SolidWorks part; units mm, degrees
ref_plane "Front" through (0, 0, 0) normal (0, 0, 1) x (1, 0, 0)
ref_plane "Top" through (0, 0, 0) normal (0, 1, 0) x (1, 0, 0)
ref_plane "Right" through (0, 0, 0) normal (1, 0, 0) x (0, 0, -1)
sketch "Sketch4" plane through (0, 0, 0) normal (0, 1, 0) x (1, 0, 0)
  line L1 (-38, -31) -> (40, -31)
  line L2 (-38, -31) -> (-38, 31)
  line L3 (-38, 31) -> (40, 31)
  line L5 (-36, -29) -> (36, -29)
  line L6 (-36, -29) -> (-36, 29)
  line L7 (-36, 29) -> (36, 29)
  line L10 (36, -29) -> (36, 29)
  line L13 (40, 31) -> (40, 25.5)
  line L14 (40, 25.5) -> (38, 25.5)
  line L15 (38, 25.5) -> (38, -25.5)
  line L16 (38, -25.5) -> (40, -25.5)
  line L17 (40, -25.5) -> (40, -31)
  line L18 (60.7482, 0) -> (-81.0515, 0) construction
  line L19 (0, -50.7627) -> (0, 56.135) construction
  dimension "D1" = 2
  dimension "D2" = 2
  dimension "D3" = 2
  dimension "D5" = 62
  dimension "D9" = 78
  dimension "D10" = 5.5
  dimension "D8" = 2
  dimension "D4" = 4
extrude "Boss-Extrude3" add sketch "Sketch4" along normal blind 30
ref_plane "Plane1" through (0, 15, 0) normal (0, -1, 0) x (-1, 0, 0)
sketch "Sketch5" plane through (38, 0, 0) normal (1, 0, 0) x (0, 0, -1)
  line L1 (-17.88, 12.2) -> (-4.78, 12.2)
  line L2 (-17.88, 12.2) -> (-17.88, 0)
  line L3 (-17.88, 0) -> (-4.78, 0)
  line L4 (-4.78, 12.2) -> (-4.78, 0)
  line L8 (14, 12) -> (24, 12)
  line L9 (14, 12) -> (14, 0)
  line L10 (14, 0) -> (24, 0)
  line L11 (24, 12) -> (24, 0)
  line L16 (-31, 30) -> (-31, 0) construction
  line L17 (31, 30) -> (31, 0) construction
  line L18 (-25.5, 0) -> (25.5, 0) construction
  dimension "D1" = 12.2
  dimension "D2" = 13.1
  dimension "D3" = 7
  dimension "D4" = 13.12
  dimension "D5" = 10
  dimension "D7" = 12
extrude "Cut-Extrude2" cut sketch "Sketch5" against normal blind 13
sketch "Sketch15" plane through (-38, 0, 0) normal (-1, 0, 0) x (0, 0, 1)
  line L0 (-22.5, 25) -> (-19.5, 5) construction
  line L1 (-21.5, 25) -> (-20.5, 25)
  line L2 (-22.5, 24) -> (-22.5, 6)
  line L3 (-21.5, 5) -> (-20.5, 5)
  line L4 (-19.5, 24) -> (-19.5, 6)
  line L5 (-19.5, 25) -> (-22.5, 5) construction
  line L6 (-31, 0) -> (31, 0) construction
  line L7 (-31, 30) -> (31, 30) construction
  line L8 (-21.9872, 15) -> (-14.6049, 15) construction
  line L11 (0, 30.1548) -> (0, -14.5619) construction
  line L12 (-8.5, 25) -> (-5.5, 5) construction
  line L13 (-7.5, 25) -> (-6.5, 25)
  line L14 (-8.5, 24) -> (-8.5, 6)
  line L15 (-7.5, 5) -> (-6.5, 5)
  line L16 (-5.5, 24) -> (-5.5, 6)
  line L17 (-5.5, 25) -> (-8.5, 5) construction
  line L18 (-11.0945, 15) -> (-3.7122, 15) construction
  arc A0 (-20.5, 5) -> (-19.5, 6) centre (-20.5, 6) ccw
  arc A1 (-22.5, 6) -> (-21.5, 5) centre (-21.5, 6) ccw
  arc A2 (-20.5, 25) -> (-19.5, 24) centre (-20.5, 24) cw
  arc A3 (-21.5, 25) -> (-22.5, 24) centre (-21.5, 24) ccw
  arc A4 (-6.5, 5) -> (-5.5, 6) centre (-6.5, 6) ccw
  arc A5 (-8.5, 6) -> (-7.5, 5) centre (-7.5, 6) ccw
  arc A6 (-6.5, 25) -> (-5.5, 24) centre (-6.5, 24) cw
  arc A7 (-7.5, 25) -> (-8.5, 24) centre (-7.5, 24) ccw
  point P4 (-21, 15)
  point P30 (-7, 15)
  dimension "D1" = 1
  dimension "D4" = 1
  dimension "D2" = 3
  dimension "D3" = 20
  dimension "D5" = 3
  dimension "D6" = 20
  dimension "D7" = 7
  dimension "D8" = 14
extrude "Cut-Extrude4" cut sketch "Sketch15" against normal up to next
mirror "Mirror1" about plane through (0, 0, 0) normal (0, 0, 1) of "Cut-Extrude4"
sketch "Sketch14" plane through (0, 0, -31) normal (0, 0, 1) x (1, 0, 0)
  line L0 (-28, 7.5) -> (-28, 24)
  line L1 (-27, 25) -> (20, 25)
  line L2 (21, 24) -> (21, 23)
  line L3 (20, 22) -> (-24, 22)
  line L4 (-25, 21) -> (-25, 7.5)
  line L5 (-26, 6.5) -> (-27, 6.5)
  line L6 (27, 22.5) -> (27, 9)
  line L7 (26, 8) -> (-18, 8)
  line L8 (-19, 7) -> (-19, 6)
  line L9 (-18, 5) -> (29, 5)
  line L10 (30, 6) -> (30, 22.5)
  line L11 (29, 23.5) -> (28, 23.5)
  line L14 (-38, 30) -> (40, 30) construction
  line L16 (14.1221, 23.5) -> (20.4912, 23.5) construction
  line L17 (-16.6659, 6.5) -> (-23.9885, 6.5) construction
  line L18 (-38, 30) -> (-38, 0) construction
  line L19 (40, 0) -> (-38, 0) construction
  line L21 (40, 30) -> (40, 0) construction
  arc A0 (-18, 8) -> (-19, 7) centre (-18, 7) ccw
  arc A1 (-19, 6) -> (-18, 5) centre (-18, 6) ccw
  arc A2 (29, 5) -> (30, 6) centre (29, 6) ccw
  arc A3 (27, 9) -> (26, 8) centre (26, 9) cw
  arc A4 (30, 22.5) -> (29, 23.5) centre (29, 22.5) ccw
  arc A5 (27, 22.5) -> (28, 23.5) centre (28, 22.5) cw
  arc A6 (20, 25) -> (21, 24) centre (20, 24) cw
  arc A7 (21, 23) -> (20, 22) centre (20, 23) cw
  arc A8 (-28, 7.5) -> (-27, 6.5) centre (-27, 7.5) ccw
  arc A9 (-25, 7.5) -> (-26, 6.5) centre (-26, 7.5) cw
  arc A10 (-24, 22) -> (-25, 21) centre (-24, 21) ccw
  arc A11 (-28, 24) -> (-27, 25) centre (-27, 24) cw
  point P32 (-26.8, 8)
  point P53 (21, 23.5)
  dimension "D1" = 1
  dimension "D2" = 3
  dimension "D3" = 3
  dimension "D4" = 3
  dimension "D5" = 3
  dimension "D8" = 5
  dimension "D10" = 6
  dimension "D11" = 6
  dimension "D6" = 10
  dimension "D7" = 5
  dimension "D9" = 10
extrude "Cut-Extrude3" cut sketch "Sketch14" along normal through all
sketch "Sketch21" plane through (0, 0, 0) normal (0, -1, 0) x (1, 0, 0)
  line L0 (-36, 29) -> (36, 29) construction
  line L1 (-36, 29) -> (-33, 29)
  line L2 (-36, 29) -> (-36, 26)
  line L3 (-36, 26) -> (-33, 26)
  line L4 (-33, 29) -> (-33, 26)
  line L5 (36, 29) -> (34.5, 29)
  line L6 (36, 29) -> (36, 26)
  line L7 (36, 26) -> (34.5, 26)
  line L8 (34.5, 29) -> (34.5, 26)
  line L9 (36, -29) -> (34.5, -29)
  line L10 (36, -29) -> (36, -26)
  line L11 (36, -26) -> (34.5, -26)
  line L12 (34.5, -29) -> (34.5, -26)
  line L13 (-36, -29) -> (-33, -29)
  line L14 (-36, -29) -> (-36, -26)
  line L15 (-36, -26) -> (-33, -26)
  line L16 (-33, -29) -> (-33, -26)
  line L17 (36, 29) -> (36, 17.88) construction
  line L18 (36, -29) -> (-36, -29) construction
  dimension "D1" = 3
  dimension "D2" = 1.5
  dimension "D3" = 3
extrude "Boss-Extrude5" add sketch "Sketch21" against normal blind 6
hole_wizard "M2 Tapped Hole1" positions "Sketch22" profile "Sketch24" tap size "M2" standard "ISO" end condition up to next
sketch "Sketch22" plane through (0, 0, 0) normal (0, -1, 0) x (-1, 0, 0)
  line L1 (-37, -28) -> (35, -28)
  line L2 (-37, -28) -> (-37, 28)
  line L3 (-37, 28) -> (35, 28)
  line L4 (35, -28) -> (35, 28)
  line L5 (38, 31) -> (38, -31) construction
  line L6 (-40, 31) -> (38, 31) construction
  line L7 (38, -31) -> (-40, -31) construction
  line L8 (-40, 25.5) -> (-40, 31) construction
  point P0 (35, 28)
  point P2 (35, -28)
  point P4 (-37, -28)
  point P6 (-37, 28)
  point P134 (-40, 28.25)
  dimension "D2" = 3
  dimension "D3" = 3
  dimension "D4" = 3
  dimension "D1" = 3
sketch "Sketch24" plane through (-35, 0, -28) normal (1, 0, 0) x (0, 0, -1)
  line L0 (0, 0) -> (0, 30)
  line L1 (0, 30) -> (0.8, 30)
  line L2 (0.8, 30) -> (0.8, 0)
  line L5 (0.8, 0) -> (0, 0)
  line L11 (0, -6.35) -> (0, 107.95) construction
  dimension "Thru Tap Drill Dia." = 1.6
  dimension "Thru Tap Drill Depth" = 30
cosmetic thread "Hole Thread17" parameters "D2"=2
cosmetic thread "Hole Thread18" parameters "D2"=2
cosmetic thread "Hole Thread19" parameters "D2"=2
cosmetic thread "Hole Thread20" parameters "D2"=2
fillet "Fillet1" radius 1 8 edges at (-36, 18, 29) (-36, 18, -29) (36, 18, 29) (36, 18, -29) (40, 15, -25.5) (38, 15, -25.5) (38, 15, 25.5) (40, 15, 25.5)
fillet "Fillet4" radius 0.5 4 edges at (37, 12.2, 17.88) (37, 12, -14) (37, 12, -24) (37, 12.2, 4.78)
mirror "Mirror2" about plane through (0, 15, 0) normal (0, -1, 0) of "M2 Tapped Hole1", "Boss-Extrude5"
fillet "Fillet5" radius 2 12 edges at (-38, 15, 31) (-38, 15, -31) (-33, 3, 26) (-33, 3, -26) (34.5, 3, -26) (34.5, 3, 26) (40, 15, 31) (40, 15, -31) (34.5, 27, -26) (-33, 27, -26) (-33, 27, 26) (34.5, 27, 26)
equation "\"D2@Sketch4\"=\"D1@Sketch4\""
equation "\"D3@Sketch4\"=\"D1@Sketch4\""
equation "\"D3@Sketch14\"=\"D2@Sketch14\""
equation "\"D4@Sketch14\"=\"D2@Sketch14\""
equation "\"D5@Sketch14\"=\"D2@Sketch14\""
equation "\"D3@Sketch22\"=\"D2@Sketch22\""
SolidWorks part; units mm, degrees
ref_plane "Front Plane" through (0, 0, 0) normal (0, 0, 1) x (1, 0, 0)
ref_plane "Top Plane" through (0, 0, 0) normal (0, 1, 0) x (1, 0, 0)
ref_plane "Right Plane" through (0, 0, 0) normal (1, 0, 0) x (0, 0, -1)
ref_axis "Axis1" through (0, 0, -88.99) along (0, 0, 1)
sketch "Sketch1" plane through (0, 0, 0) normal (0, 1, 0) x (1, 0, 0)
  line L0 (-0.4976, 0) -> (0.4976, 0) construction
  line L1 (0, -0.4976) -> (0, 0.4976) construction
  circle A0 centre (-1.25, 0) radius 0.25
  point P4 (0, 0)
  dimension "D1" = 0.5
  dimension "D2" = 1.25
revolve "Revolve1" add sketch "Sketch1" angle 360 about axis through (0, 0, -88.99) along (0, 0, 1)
____________
- **DIRECTIONS FOR THIS TASK**
Keeping every character as it is, restate the lines above that run from the line with "normal up to next" through the line with "line L11 (29, 23.5) -> (28, 23.5)", both included, and nothing else.

- **EXERCISE SOLUTION**
extrude "Cut-Extrude4" cut sketch "Sketch15" against normal up to next
mirror "Mirror1" about plane through (0, 0, 0) normal (0, 0, 1) of "Cut-Extrude4"
sketch "Sketch14" plane through (0, 0, -31) normal (0, 0, 1) x (1, 0, 0)
  line L0 (-28, 7.5) -> (-28, 24)
  line L1 (-27, 25) -> (20, 25)
  line L2 (21, 24) -> (21, 23)
  line L3 (20, 22) -> (-24, 22)
  line L4 (-25, 21) -> (-25, 7.5)
  line L5 (-26, 6.5) -> (-27, 6.5)
  line L6 (27, 22.5) -> (27, 9)
  line L7 (26, 8) -> (-18, 8)
  line L8 (-19, 7) -> (-19, 6)
  line L9 (-18, 5) -> (29, 5)
  line L10 (30, 6) -> (30, 22.5)
  line L11 (29, 23.5) -> (28, 23.5)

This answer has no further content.